COUR ADMINISTRATIVE D'APPEL DE LYON — Décision N° CAA69-21LY01618

jeudi 23 juin 2022

JuridictionCOUR ADMINISTRATIVE D'APPEL DE LYON
SectionCOUR ADMINISTRATIVE D'APPEL DE LYON
N° DossierCAA69-21LY01618
TypeDécision
Recoursexcès de pouvoir
PublicationC
Formation7ème chambre - formation à 3
Avocat requérantGRENIER

Texte intégral

Vu la procédure suivante :

Procédure contentieuse antérieure

M. B a demandé au tribunal administratif de Dijon :

- d'une part, d'annuler l'arrêté du 8 juillet 2020 par lequel le préfet de la Côte-d'Or lui a refusé la délivrance d'une carte de séjour temporaire en qualité de jeune majeur et lui a fait obligation de quitter le territoire sans délai, a désigné le pays à destination duquel il pourra être renvoyé d'office et lui a fait interdiction de retour sur le territoire français pour une durée d'un an et d'enjoindre à cette autorité de lui délivrer un titre de séjour dans le délai d'un mois à compter de la notification du jugement ;

- d'autre part, d'annuler l'arrêté du 15 avril 2021 par lequel le préfet de la Côte-d'Or l'a assigné à résidence pour une durée de quarante-cinq jours.

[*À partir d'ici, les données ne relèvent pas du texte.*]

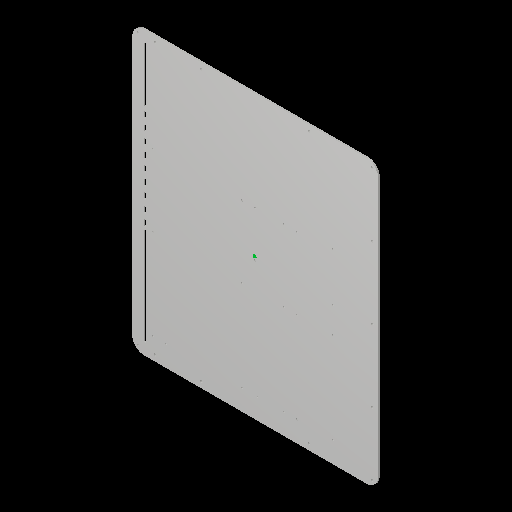
# Autodesk Inventor part: right_panel
Saved by Autodesk Inventor 2022 (Build 260153000, 153)
## iProperties
Created: 2019-10-14
Part Number: right_panel
Material: アルミニウム 6061
Document SubType Name: Modeling
Designer: gisen
Density: 2.7 g/cm^3
Appearance: アルミニウム - フラット
Author: gisen
Autodesk Inventor part; units mm, degrees
ref_plane "YZ Plane" through (0, 0, 0) normal (1, 0, 0) x (0, 1, 0)
ref_plane "XZ Plane" through (0, 0, 0) normal (0, 1, 0) x (-1, 0, 0)
ref_plane "XY Plane" through (0, 0, 0) normal (0, 0, 1) x (1, 0, 0)
sketch "スケッチ1" plane through (0, 0, 0) normal (0, 0, 1) x (1, 0, 0)
  line L0 (-193.5, -245) -> (193.5, -245)
  line L1 (213.5, -225) -> (213.5, 225)
  line L2 (193.5, 245) -> (-193.5, 245)
  line L3 (-213.5, 225) -> (-213.5, -225)
  line L4 (-213.5, -245) -> (213.5, 245) construction
  line L5 (213.5, -245) -> (-213.5, 245) construction
  circle A0 centre (-203.5, 235) radius 2.25
  circle A1 centre (203.5, 235) radius 2.25
  circle A2 centre (-203.5, -235) radius 2.25
  circle A3 centre (203.5, -235) radius 2.25
  arc A4 (-193.5, 245) -> (-213.5, 225) centre (-193.5, 225) ccw
  arc A5 (213.5, 225) -> (193.5, 245) centre (193.5, 225) ccw
  arc A6 (193.5, -245) -> (213.5, -225) centre (193.5, -225) ccw
  arc A7 (-213.5, -225) -> (-193.5, -245) centre (-193.5, -225) ccw
  point P0 (0, 0)
  dimension "d0" = 427
  dimension "d1" = 490
  dimension "d2" = 4.5
  dimension "d3" = 10
  dimension "d4" = 10
  dimension "d5" = 10
  dimension "d6" = 10
  dimension "d7" = 10
  dimension "d8" = 10
  dimension "d9" = 10
  dimension "d10" = 10
  dimension "d11" = 20
  constraints: 12 end point, 8 centre point, 8 point on circle, 8 point on line, 8 tangent, 6 equal radius, 2 midpoint, 2 parallel, 1 horizontal, 1 perpendicular
  measures "d0" distance of L5.end L4.end
  measures "d1" distance of L4.end L5.start
  measures "d2" diameter of A0
  measures "d3" distance from line of A0.centre L2
  measures "d4" distance from line of L3 A0.centre
  measures "d5" distance from line of A1.centre L2
  measures "d6" distance from line of L1 A1.centre
  measures "d7" distance from line of L1 A3.centre
  measures "d8" distance from line of L0 A3.centre
  measures "d9" distance from line of L0 A2.centre
  measures "d10" distance from line of L3 A2.centre
  measures "d11" radius of A4
extrude "押し出し1" add sketch "スケッチ1" along normal blind 3
sketch "スケッチ2" plane through (0, 0, 3) normal (0, 0, 1) x (1, 0, 0)
  circle A0 centre (49.592, 72.9258) radius 1.6
  circle A1 centre (-22.798, 72.9258) radius 1.6
  circle A2 centre (-177.738, 72.9258) radius 1.6
  circle A3 centre (-177.738, -51.5342) radius 1.6
  circle A4 centre (-154.878, -209.0142) radius 1.6
  circle A5 centre (-22.798, -209.0142) radius 1.6
  circle A6 centre (49.592, -209.0142) radius 1.6
  circle A7 centre (49.592, -51.5342) radius 1.6
  circle A8 centre (-22.798, -51.5342) radius 1.6
  circle A9 centre (49.592, -209.0142) radius 2.25 projected
  circle A10 centre (-154.878, -209.0142) radius 2.25 projected
  circle A11 centre (49.592, -51.5342) radius 2.25 projected
  circle A12 centre (49.592, 72.9258) radius 2.25 projected
  circle A13 centre (-22.798, -209.0142) radius 2.25 projected
  circle A14 centre (-22.798, -51.5342) radius 2.25 projected
  circle A15 centre (-22.798, 72.9258) radius 2.25 projected
  circle A16 centre (-177.738, -51.5342) radius 2.25 projected
  circle A17 centre (-177.738, 72.9258) radius 2.25 projected
  point P0 (0, 0)
  dimension "d14" = 3.2
  constraints: 9 centre point, 9 concentric, 8 equal radius
  measures "d14" diameter of A0
extrude "押し出し2" cut sketch "スケッチ2" against normal blind 3 contours A0 | A1 | A2 | A3 | A4 | A5 | A6 | A7 | A8
sketch "スケッチ4" plane through (0, 0, 3) normal (0, 0, 1) x (1, 0, 0)
  line L0 (-193.5, -225) -> (-190.5, -225) projected
  line L1 (-193.5, 225) -> (-193.5, 129.6) projected
  line L2 (-193.5, 129.6) -> (-190.5, 129.6) projected
  line L3 (-190.5, 225) -> (-190.5, 129.6) projected
  line L4 (-193.5, 225) -> (-190.5, 225) projected
  line L5 (-190.5, -40.6067) -> (-189.5, -40.6067)
  line L6 (-189.5, -40.6067) -> (-189.5, -50.8937)
  line L7 (-189.5, -50.8937) -> (-190.5, -50.8937)
  line L8 (-193.5, -225) -> (-193.5, -56.0642) projected
  line L9 (-190.5, -56.0642) -> (-190.5, -225) projected
  line L10 (-190.5, -40.6067) -> (-190.5, -50.8937) construction
  line L11 (-190.5, -50.8937) -> (-193.5, -50.8937)
  line L12 (-193.5, -50.8937) -> (-193.5, -40.6067)
  line L13 (-193.5, -40.6067) -> (-190.5, -40.6067)
  line L14 (-193.5, -56.0642) -> (-190.5, -56.0642) projected
  line L15 (-193.5, -20.2617) -> (-190.5, -20.2617)
  line L16 (-190.5, -20.2617) -> (-189.5, -20.2617)
  line L17 (-189.5, -20.2617) -> (-189.5, -30.5487)
  line L18 (-189.5, -30.5487) -> (-190.5, -30.5487)
  line L19 (-193.5, -30.5487) -> (-193.5, -20.2617)
  line L20 (-190.5, -30.5487) -> (-193.5, -30.5487)
  line L21 (-193.5, 0.0833) -> (-190.5, 0.0833)
  line L22 (-190.5, 0.0833) -> (-189.5, 0.0833)
  line L23 (-189.5, 0.0833) -> (-189.5, -10.2037)
  line L24 (-189.5, -10.2037) -> (-190.5, -10.2037)
  line L25 (-193.5, -10.2037) -> (-193.5, 0.0833)
  line L26 (-190.5, -10.2037) -> (-193.5, -10.2037)
  line L27 (-193.5, 20.4283) -> (-190.5, 20.4283)
  line L28 (-190.5, 20.4283) -> (-189.5, 20.4283)
  line L29 (-189.5, 20.4283) -> (-189.5, 10.1413)
  line L30 (-189.5, 10.1413) -> (-190.5, 10.1413)
  line L31 (-193.5, 10.1413) -> (-193.5, 20.4283)
  line L32 (-190.5, 10.1413) -> (-193.5, 10.1413)
  line L33 (-193.5, 40.7733) -> (-190.5, 40.7733)
  line L34 (-190.5, 40.7733) -> (-189.5, 40.7733)
  line L35 (-189.5, 40.7733) -> (-189.5, 30.4863)
  line L36 (-189.5, 30.4863) -> (-190.5, 30.4863)
  line L37 (-193.5, 30.4863) -> (-193.5, 40.7733)
  line L38 (-190.5, 30.4863) -> (-193.5, 30.4863)
  line L39 (-193.5, 61.1183) -> (-190.5, 61.1183)
  line L40 (-190.5, 61.1183) -> (-189.5, 61.1183)
  line L41 (-189.5, 61.1183) -> (-189.5, 50.8313)
  line L42 (-189.5, 50.8313) -> (-190.5, 50.8313)
  line L43 (-193.5, 50.8313) -> (-193.5, 61.1183)
  line L44 (-190.5, 50.8313) -> (-193.5, 50.8313)
  line L45 (-193.5, 81.4633) -> (-190.5, 81.4633)
  line L46 (-190.5, 81.4633) -> (-189.5, 81.4633)
  line L47 (-189.5, 81.4633) -> (-189.5, 71.1763)
  line L48 (-189.5, 71.1763) -> (-190.5, 71.1763)
  line L49 (-193.5, 71.1763) -> (-193.5, 81.4633)
  line L50 (-190.5, 71.1763) -> (-193.5, 71.1763)
  line L51 (-193.5, 101.8083) -> (-190.5, 101.8083)
  line L52 (-190.5, 101.8083) -> (-189.5, 101.8083)
  line L53 (-189.5, 101.8083) -> (-189.5, 91.5213)
  line L54 (-189.5, 91.5213) -> (-190.5, 91.5213)
  line L55 (-193.5, 91.5213) -> (-193.5, 101.8083)
  line L56 (-190.5, 91.5213) -> (-193.5, 91.5213)
  line L57 (-193.5, 122.1533) -> (-190.5, 122.1533)
  line L58 (-190.5, 122.1533) -> (-189.5, 122.1533)
  line L59 (-189.5, 122.1533) -> (-189.5, 111.8663)
  line L60 (-189.5, 111.8663) -> (-190.5, 111.8663)
  line L61 (-193.5, 111.8663) -> (-193.5, 122.1533)
  line L62 (-190.5, 111.8663) -> (-193.5, 111.8663)
  point P0 (0, 0)
  point P1 (-225, -58.3552)
  point P2 (-222, -58.3552)
  point P3 (-225, -120.4005)
  point P4 (-222, -120.4005)
  dimension "d143" = 20.345
  dimension "d148" = 1
  dimension "d149" = 3
  constraints: 108 end point, 3 perpendicular, 2 collinear, 2 horizontal, 1 vertical, 99 other
  measures "d143" distance of L5.start L15.end
  measures "d148" distance between parallel lines of L10 L6
  measures "d149" distance between parallel lines of L12 L10
extrude "押し出し3" cut sketch "スケッチ4" against normal blind 3
sketch "スケッチ5" plane through (0, 0, 3) normal (0, 0, 1) x (1, 0, 0)
  circle A0 centre (-203.5, 235) radius 2.25 construction
  circle A1 centre (-203.5, -235) radius 2.25 construction
  circle A2 centre (-173.5, -235) radius 2.25
  line L0 (-193.5, -245) -> (193.5, -245) projected
  circle A3 centre (-173.5, 235) radius 2.25
  line L1 (193.5, 245) -> (-193.5, 245) projected
  point P0 (0, 0)
  dimension "d20" = 30
  dimension "d21" = 10
  dimension "d22" = 30
  dimension "d23" = 10
  constraints: 2 centre point, 2 equal radius
  measures "d20" distance of A1.centre A2.centre
  measures "d21" distance from line of L0 A2.centre
  measures "d22" distance of A0.centre A3.centre
  measures "d23" distance from line of L1 A3.centre
extrude "押し出し4" cut sketch "スケッチ5" against normal blind 3
sketch "スケッチ7" plane through (0, 0, 3) normal (0, 0, 1) x (1, 0, 0)
  line L0 (213.5, 225) -> (213.5, -225) projected
  circle A0 centre (-93.5, -235) radius 2.25 projected
  circle A1 centre (203.5, 0) radius 2.25 projected
  circle A2 centre (93.5, -235) radius 2.25 projected
  circle A3 centre (203.5, 125) radius 2.25 projected
  circle A4 centre (-93.5, 235) radius 2.25 projected
  circle A5 centre (-203.5, -125) radius 2.25 projected
  circle A6 centre (-203.5, 0) radius 2.25 projected
  circle A7 centre (93.5, 235) radius 2.25 projected
  circle A8 centre (203.5, -125) radius 2.25 projected
  line L1 (-193.7, 132.4) -> (-190.3, 132.4) projected
  line L2 (-190.3, 132.4) -> (-190.3, 225.2) projected
  line L3 (-190.3, 225.2) -> (-193.7, 225.2) projected
  circle A9 centre (203.5, 235) radius 2.25 projected
  circle A10 centre (-203.5, 235) radius 2.25 projected
  circle A11 centre (203.5, -235) radius 2.25 projected
  circle A12 centre (-203.5, -235) radius 2.25 projected
  line L4 (193.5, -245) -> (-193.5, -245) projected
  arc A13 (-213.5, -225) -> (-193.5, -245) centre (-193.5, -225) ccw projected
  line L5 (-213.5, -225) -> (-213.5, 225) projected
  arc A14 (-193.5, 245) -> (-213.5, 225) centre (-193.5, 225) ccw projected
  line L6 (-193.5, 245) -> (193.5, 245) projected
  arc A15 (213.5, 225) -> (193.5, 245) centre (193.5, 225) ccw projected
  line L7 (213.5, 225) -> (213.5, -225) projected
  arc A16 (193.5, -245) -> (213.5, -225) centre (193.5, -225) ccw projected
  line L8 (-193.7, 225.2) -> (-193.7, 132.4) projected
  circle A17 centre (-203.5, 125) radius 2.25 projected
  point P0 (0, 0)
extrude "押し出し6" cut sketch "スケッチ7" against normal up to surface (3 mm away) contours A0 | A1 | A2 | A3 | A4 | A7 | A8
sketch "スケッチ8" plane through (0, 0, 0) normal (0, 0, -1) x (-1, 0, 0)
  line L0 (-38.275, 130.075) -> (-138.725, 130.075) construction
  line L1 (-138.725, 130.075) -> (-138.725, 199.925) construction
  line L2 (-138.725, 199.925) -> (-38.275, 199.925) construction
  line L3 (-38.275, 199.925) -> (-38.275, 130.075) construction
  line L4 (-38.275, 130.075) -> (-138.725, 199.925) construction
  line L5 (-138.725, 130.075) -> (-38.275, 199.925) construction
  line L6 (193.5, 245) -> (-193.5, 245) construction
  line L7 (-213.5, 225) -> (-213.5, -225) construction
  line L8 (-48.125, 195.86) -> (-124.725, 195.86) construction
  line L9 (-124.725, 195.86) -> (-124.725, 134.14) construction
  line L10 (-124.725, 134.14) -> (-48.125, 134.14) construction
  line L11 (-48.125, 134.14) -> (-48.125, 195.86) construction
  line L12 (-48.125, 195.86) -> (-124.725, 134.14) construction
  line L13 (-124.725, 195.86) -> (-48.125, 134.14) construction
  line L14 (-86.425, 165) -> (-88.5, 165) construction
  circle A0 centre (-48.125, 134.14) radius 1.6
  circle A1 centre (-48.125, 195.86) radius 1.6
  circle A2 centre (-124.725, 195.86) radius 1.6
  circle A3 centre (-124.725, 134.14) radius 1.6
  point P0 (0, 0)
  dimension "d40" = 69.85
  dimension "d41" = 100.45
  dimension "d42" = 80
  dimension "d43" = 125
  dimension "d44" = 61.72
  dimension "d45" = 90.6
  dimension "d46" = 14
  dimension "d47" = 3.2
  dimension "d48" = 3.2
  dimension "d49" = 3.2
  dimension "d50" = 3.2
  constraints: 26 end point, 4 centre point, 4 coincident, 4 midpoint, 4 parallel, 3 horizontal, 2 perpendicular
  measures "d40" distance of L0.end L1.end
  measures "d41" distance of L0.start L0.end
  measures "d42" distance from line of L6 L14.end
  measures "d43" distance from line of L7 L14.end
  measures "d44" distance of L10.end L8.start
  measures "d45" distance between parallel lines of L1 L11
  measures "d46" distance between parallel lines of L1 L9
  measures "d47" diameter of A0
  measures "d48" diameter of A1
  measures "d49" diameter of A2
  measures "d50" diameter of A3
extrude "押し出し7" [suppressed]
sketch "スケッチ9" plane through (0, 0, 0) normal (0, 0, -1) x (-1, 0, 0)
  circle A0 centre (154.878, -209.0142) radius 1.6 construction
  circle A1 centre (22.798, -209.0142) radius 1.6 construction
  circle A2 centre (-49.592, -209.0142) radius 1.6 construction
  circle A3 centre (177.738, -51.5342) radius 1.6 construction
  circle A4 centre (177.738, 72.9258) radius 1.6 construction
  circle A5 centre (22.798, 72.9258) radius 1.6 construction
  circle A6 centre (-49.592, 72.9258) radius 1.6 construction
  circle A7 centre (22.798, -51.5342) radius 1.6 construction
  circle A8 centre (-49.592, -51.5342) radius 1.6 construction
  line L0 (187.898, -215.3642) -> (-83.882, -215.3642) construction
  line L1 (-83.882, -215.3642) -> (-83.882, 89.4358) construction
  line L2 (-83.882, 89.4358) -> (187.898, 89.4358) construction
  line L3 (187.898, 89.4358) -> (187.898, -215.3642) construction
  point P0 (0, 0)
  dimension "d53" = 6.35
  dimension "d54" = 33.02
  dimension "d55" = 304.8
  dimension "d56" = 271.78
  constraints: 8 end point, 2 parallel, 1 horizontal, 1 perpendicular
  measures "d53" distance from line of A0.centre L0
  measures "d54" distance from line of L3 A0.centre
  measures "d55" distance of L2.end L0.start
  measures "d56" distance of L0.start L0.end
sketch "スケッチ10" plane through (0, 0, 0) normal (0, 0, -1) x (-1, 0, 0)
  line L0 (187.898, -215.3642) -> (-142.302, -215.3642) construction
  line L1 (-142.302, -215.3642) -> (-142.302, 89.4358) construction
  line L2 (-142.302, 89.4358) -> (187.898, 89.4358) construction
  line L3 (187.898, 89.4358) -> (187.898, -215.3642) construction
  circle A0 centre (177.738, 72.9258) radius 1.6 construction
  circle A1 centre (-203.5, -125) radius 2.25 projected
  circle A2 centre (-134.682, 78.0058) radius 1.6
  circle A3 centre (177.738, 72.9258) radius 1.6 construction
  line L4 (177.738, 72.9258) -> (22.798, 72.9258) construction
  circle A4 centre (22.798, 72.9258) radius 1.6 construction
  circle A5 centre (22.798, 72.9258) radius 1.6 construction
  line L5 (22.798, 72.9258) -> (-49.592, 72.9258) construction
  line L6 (-49.592, 72.9258) -> (-72.452, 72.9258) construction
  circle A6 centre (-49.592, 72.9258) radius 1.6
  circle A7 centre (-72.452, 72.9258) radius 1.6
  line L7 (-134.682, 78.0058) -> (-134.682, -5.8142) construction
  line L8 (-134.682, -5.8142) -> (-134.682, -51.5342) construction
  line L9 (-134.682, -51.5342) -> (-134.682, -208.9142) construction
  circle A8 centre (-134.682, -5.8142) radius 1.6
  circle A9 centre (-134.682, -51.5342) radius 1.6
  circle A10 centre (-134.682, -208.9142) radius 1.6
  line L10 (-134.682, -5.8142) -> (-0.062, -5.8142) construction
  circle A11 centre (-0.062, -5.8142) radius 1.6
  line L11 (-0.062, -5.8142) -> (-0.062, 72.9258) construction
  circle A12 centre (-0.062, 72.9258) radius 1.6
  line L12 (177.738, 72.9258) -> (177.738, -209.0142) construction
  circle A13 centre (154.878, -209.0142) radius 1.6 construction
  line L13 (177.738, -209.0142) -> (154.878, -209.0142) construction
  circle A14 centre (177.738, -209.0142) radius 1.6
  line L14 (-72.452, 72.9258) -> (-72.452, -209.0142) construction
  line L15 (-72.452, -209.0142) -> (-49.592, -209.0142) construction
  circle A15 centre (-49.592, -51.5342) radius 1.6 construction
  line L16 (-49.592, -51.5342) -> (-72.452, -51.5342) construction
  circle A16 centre (-49.592, -209.0142) radius 1.6 construction
  circle A17 centre (-72.452, -51.5342) radius 1.6
  circle A18 centre (-72.452, -209.0142) radius 1.6
  line L17 (-49.592, -209.0142) -> (154.878, -209.0142) construction
  circle A19 centre (-3.872, -209.0142) radius 1.6
  point P0 (0, 0)
  dimension "d57" = 330.2
  dimension "d58" = 304.8
  dimension "d59" = 10.16
  dimension "d60" = 16.51
  dimension "d61" = 61.198
  dimension "d62" = 5.08
  dimension "d63" = 312.42
  dimension "d64" = 154.94
  dimension "d65" = 227.33
  dimension "d66" = 250.19
  dimension "d67" = 78.74
  dimension "d68" = 124.46
  dimension "d69" = 281.84
  dimension "d70" = 177.8
  dimension "d71" = 134.62
  dimension "d72" = 16.51
  dimension "d73" = 181.61
  dimension "d74" = 3.2
  constraints: 36 end point, 14 centre point, 13 coincident, 13 equal radius, 6 point on line, 5 horizontal, 4 perpendicular, 4 vertical, 2 parallel
  measures "d57" distance of L0.start L0.end
  measures "d58" distance of L0.end L1.end
  measures "d59" distance from line of A0.centre L3
  measures "d60" distance from line of L2 A0.centre
  measures "d61" distance from line of L1 A1.centre
  measures "d62" vertical distance of A0.centre L7.start
  measures "d63" horizontal distance of A0.centre L7.start
  measures "d64" distance of L4.start L4.end
  measures "d65" distance of L5.end L4.start
  measures "d66" distance of L4.start L6.end
  measures "d67" vertical distance of L10.start A0.centre
  measures "d68" vertical distance of L8.end A0.centre
  measures "d69" vertical distance of L4.start L9.end
  measures "d70" horizontal distance of L4.start L10.end
  measures "d71" distance of L10.start L10.end
  measures "d72" distance from line of L2 L11.end
  measures "d73" distance from line of L12 A19.centre
  measures "d74" diameter of A0
extrude "押し出し8" cut sketch "スケッチ10" against normal blind 10 contours A2 | A7 | A8 | A9 | A10 | A11 | A12 | A14 | A17 | A18 | A19
sketch "スケッチ11" plane through (0, 0, 3) normal (0, 0, 1) x (1, 0, 0)
  point P0 (0, 0)
sketch "スケッチ12" plane through (0, 0, 0) normal (0, 0, -1) x (-1, 0, 0)
  line L0 (190.5, 225) -> (193.5, 225) construction
  line L1 (190.5, 129.6) -> (190.5, 225) construction
  line L2 (193.5, 225) -> (193.5, 129.6) construction
  line L3 (193.5, 129.6) -> (190.5, 129.6) construction
  line L4 (189.5, -40.6067) -> (193.5, -40.6067) construction
  line L5 (189.5, -50.8937) -> (189.5, -40.6067) construction
  line L6 (193.5, -50.8937) -> (189.5, -50.8937) construction
  line L7 (193.5, -40.6067) -> (193.5, -50.8937) construction
  line L8 (190.5, -56.0642) -> (193.5, -56.0642) construction
  line L9 (190.5, -225) -> (190.5, -56.0642) construction
  line L10 (193.5, -56.0642) -> (193.5, -225) construction
  line L11 (193.5, -225) -> (190.5, -225) construction
  line L12 (190.3, -225.2) -> (190.3, -55.8642)
  line L13 (190.3, -55.8642) -> (193.7, -55.8642)
  line L14 (193.7, -55.8642) -> (193.7, -225.2)
  line L15 (193.7, -225.2) -> (190.3, -225.2)
  line L16 (193.7, -51.0937) -> (189.3, -51.0937)
  line L17 (189.3, -51.0937) -> (189.3, -40.4067)
  line L18 (189.3, -40.4067) -> (193.7, -40.4067)
  line L19 (193.7, -40.4067) -> (193.7, -51.0937)
  line L20 (190.3, 129.4) -> (190.3, 225.2)
  line L21 (190.3, 225.2) -> (193.7, 225.2)
  line L22 (193.7, 225.2) -> (193.7, 129.4)
  line L23 (193.7, 129.4) -> (190.3, 129.4)
  line L24 (193.7, -30.7487) -> (189.3, -30.7487)
  line L25 (193.7, -20.0617) -> (193.7, -30.7487)
  line L26 (189.3, -20.0617) -> (193.7, -20.0617)
  line L27 (189.3, -30.7487) -> (189.3, -20.0617)
  line L28 (193.7, -10.4037) -> (189.3, -10.4037)
  line L29 (193.7, 0.2833) -> (193.7, -10.4037)
  line L30 (189.3, 0.2833) -> (193.7, 0.2833)
  line L31 (189.3, -10.4037) -> (189.3, 0.2833)
  line L32 (193.7, 9.9413) -> (189.3, 9.9413)
  line L33 (193.7, 20.6283) -> (193.7, 9.9413)
  line L34 (189.3, 20.6283) -> (193.7, 20.6283)
  line L35 (189.3, 9.9413) -> (189.3, 20.6283)
  line L36 (193.7, 30.2863) -> (189.3, 30.2863)
  line L37 (193.7, 40.9733) -> (193.7, 30.2863)
  line L38 (189.3, 40.9733) -> (193.7, 40.9733)
  line L39 (189.3, 30.2863) -> (189.3, 40.9733)
  line L40 (193.7, 50.6313) -> (189.3, 50.6313)
  line L41 (193.7, 61.3183) -> (193.7, 50.6313)
  line L42 (189.3, 61.3183) -> (193.7, 61.3183)
  line L43 (189.3, 50.6313) -> (189.3, 61.3183)
  line L44 (193.7, 70.9763) -> (189.3, 70.9763)
  line L45 (193.7, 81.6633) -> (193.7, 70.9763)
  line L46 (189.3, 81.6633) -> (193.7, 81.6633)
  line L47 (189.3, 70.9763) -> (189.3, 81.6633)
  line L48 (193.7, 91.3213) -> (189.3, 91.3213)
  line L49 (193.7, 102.0083) -> (193.7, 91.3213)
  line L50 (189.3, 102.0083) -> (193.7, 102.0083)
  line L51 (189.3, 91.3213) -> (189.3, 102.0083)
  line L52 (193.7, 111.6663) -> (189.3, 111.6663)
  line L53 (193.7, 122.3533) -> (193.7, 111.6663)
  line L54 (189.3, 122.3533) -> (193.7, 122.3533)
  line L55 (189.3, 111.6663) -> (189.3, 122.3533)
  point P0 (0, 0)
  point P1 (176.138, -51.5342)
  point P2 (176.138, -51.5342)
  dimension "d128" = 0.2
  dimension "d129" = 0.2
  dimension "d138" = 0.2
  dimension "d152" = 20.345
  constraints: 88 end point, 1 collinear, 1 perpendicular, 1 vertical, 73 other
  measures "d128" distance between parallel lines of L11 L15
  measures "d138" distance between parallel lines of L3 L23
  measures "d152" distance of L16.start L24.start
extrude "押し出し9" cut sketch "スケッチ12" against normal through all
equation "\"d5\" = d3"
equation "\"d6\" = d4"
equation "\"d7\" = d6"
equation "\"d8\" = d5"
equation "\"d9\" = d8"
equation "\"d10\" = d7"

Par jugement nos 2001696, 2101087 lu le 21 avril 2021, la magistrate désignée par le président du tribunal a fait droit aux conclusions de ses demandes d'annulation de l'arrêté du 8 juillet 2020 en tant qu'il oblige M. A à quitter le territoire français sans délai, fixe le pays à destination duquel il pourra être éloigné et prononce à son encontre une interdiction de retour sur le territoire français d'une durée d'un an, ainsi que d'annulation de l'arrêté du 15 avril 2021 par lequel le préfet de la Côte-d'Or a assigné M. A à résidence pour une durée de quarante-cinq jours, et a renvoyé les conclusions à fin d'annulation de la décision par laquelle le préfet de la Côte-d'Or a refusé de lui délivrer un titre de séjour ainsi que les conclusions accessoires dont elles étaient assorties à la formation du tribunal.

Procédure devant la cour

Par requête enregistrée le 21 mai 2021, le préfet de la Côte-d'Or, représenté par Me Claisse, demande à la cour d'annuler ce jugement en tant qu'il a annulé l'arrêté du 8 juillet 2020 en tant qu'il oblige M. A à quitter le territoire français sans délai, fixe le pays à destination duquel il pourra être éloigné et prononce à son encontre une interdiction de retour sur le territoire français d'une durée d'un an, ainsi que l'arrêté du 15 avril 2021 par lequel le M. A a été assigné à résidence pour une durée de quarante-cinq jours, et de rejeter les conclusions de ses demandes présentée au tribunal par M. A et tendant à l'annulation de ces décisions.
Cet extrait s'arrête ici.